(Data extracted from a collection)
= Beginning of Section =
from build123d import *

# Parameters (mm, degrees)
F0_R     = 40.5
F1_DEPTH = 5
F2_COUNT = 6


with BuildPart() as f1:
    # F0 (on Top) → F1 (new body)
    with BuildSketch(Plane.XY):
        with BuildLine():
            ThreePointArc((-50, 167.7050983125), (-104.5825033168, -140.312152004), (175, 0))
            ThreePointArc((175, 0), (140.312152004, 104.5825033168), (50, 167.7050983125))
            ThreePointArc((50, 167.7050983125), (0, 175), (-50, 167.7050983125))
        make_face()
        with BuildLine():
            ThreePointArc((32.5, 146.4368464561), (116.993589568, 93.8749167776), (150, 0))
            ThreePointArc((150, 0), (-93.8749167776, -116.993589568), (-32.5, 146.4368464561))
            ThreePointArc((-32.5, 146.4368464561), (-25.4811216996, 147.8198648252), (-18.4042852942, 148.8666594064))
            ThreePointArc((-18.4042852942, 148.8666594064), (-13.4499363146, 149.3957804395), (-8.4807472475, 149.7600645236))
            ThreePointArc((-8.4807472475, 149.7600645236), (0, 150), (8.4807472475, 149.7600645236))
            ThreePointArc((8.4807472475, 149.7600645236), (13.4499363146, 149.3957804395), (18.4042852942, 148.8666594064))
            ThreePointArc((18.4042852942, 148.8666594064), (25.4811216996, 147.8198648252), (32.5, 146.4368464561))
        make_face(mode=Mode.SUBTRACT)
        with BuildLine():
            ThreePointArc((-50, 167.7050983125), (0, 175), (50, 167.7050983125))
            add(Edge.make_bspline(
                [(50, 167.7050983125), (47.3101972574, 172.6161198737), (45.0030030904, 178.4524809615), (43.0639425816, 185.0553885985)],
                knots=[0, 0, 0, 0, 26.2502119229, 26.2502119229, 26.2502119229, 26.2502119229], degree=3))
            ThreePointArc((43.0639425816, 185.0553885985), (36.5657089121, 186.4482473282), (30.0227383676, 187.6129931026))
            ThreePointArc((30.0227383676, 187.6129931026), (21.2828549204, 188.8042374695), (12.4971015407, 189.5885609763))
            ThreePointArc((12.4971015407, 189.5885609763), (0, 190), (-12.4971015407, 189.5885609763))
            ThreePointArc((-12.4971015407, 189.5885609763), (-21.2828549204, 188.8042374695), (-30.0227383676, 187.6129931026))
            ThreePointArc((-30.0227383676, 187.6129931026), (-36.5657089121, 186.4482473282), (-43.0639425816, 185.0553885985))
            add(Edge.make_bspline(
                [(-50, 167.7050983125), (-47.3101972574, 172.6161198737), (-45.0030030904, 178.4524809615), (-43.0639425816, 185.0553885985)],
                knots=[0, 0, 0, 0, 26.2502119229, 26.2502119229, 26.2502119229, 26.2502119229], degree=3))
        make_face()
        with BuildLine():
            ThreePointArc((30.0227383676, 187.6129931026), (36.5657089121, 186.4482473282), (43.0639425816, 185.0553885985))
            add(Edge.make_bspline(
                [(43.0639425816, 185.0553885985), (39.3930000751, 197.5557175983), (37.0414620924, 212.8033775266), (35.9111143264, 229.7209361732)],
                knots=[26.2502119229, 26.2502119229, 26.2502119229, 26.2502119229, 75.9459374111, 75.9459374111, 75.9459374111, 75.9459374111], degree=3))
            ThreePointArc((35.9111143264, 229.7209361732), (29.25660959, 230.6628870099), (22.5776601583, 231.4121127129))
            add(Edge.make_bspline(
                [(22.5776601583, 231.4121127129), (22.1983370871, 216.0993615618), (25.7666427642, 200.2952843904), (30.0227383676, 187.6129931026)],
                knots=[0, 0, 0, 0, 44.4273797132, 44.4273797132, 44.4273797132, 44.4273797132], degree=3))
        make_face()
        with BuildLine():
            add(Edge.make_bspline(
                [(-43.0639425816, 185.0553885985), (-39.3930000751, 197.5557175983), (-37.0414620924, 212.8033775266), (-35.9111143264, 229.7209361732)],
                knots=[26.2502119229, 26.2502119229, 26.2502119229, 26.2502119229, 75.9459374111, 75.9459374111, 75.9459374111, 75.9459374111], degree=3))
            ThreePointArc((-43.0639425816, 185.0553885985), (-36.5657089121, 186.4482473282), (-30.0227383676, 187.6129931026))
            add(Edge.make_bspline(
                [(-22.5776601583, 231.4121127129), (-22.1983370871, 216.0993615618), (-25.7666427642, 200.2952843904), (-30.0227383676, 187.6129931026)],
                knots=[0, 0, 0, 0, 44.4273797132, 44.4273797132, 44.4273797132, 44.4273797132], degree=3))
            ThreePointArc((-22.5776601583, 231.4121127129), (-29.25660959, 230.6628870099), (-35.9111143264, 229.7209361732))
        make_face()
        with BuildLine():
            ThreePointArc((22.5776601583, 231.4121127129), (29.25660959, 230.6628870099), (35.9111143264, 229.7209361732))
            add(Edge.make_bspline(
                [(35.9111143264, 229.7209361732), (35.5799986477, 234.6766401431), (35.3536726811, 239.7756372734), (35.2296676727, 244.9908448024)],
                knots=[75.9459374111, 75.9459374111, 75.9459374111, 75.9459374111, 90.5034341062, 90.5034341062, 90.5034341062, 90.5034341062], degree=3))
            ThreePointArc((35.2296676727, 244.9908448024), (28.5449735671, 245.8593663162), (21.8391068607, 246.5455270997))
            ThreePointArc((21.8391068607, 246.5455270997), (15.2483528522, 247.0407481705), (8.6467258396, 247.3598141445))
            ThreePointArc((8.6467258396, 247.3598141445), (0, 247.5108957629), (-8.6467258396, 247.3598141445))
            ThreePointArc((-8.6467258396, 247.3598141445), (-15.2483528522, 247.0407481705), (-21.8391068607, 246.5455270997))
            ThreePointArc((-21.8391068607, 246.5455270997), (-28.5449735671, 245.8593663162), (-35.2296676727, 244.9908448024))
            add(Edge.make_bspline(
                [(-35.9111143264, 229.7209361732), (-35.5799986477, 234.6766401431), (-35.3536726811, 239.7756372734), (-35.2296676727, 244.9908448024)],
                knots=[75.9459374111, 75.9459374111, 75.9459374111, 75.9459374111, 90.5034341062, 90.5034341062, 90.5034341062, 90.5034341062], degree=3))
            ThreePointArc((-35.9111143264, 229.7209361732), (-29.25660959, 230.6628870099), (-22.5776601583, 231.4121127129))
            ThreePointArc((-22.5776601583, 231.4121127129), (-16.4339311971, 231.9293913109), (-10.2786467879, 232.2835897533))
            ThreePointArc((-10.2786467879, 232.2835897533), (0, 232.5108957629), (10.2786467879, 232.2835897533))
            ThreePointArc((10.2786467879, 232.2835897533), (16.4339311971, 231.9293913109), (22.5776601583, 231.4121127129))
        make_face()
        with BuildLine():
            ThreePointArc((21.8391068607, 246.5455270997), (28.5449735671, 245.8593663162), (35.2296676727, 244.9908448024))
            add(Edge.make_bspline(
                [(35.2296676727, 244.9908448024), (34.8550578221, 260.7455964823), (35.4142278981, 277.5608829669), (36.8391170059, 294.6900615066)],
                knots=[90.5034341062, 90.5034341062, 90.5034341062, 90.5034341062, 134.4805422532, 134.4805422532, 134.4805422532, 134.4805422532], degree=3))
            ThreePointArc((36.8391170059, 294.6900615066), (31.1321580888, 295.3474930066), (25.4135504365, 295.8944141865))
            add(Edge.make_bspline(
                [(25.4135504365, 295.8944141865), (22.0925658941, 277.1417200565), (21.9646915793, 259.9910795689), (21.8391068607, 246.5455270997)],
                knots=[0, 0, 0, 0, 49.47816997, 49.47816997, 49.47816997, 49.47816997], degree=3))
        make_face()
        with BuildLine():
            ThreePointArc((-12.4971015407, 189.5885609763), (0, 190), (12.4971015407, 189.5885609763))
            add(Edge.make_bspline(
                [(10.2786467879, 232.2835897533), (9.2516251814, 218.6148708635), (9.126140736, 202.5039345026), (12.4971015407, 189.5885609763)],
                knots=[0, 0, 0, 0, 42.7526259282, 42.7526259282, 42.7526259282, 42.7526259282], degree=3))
= End of Section =
Taking the records above, retype every line from the one with "F2_COUNT = 6" down to the one with "147.8198648252), (-18.4042852942, 148.8666594064))", exactly and with nothing else.

F2_COUNT = 6


with BuildPart() as f1:
    # F0 (on Top) → F1 (new body)
    with BuildSketch(Plane.XY):
        with BuildLine():
            ThreePointArc((-50, 167.7050983125), (-104.5825033168, -140.312152004), (175, 0))
            ThreePointArc((175, 0), (140.312152004, 104.5825033168), (50, 167.7050983125))
            ThreePointArc((50, 167.7050983125), (0, 175), (-50, 167.7050983125))
        make_face()
        with BuildLine():
            ThreePointArc((32.5, 146.4368464561), (116.993589568, 93.8749167776), (150, 0))
            ThreePointArc((150, 0), (-93.8749167776, -116.993589568), (-32.5, 146.4368464561))
            ThreePointArc((-32.5, 146.4368464561), (-25.4811216996, 147.8198648252), (-18.4042852942, 148.8666594064))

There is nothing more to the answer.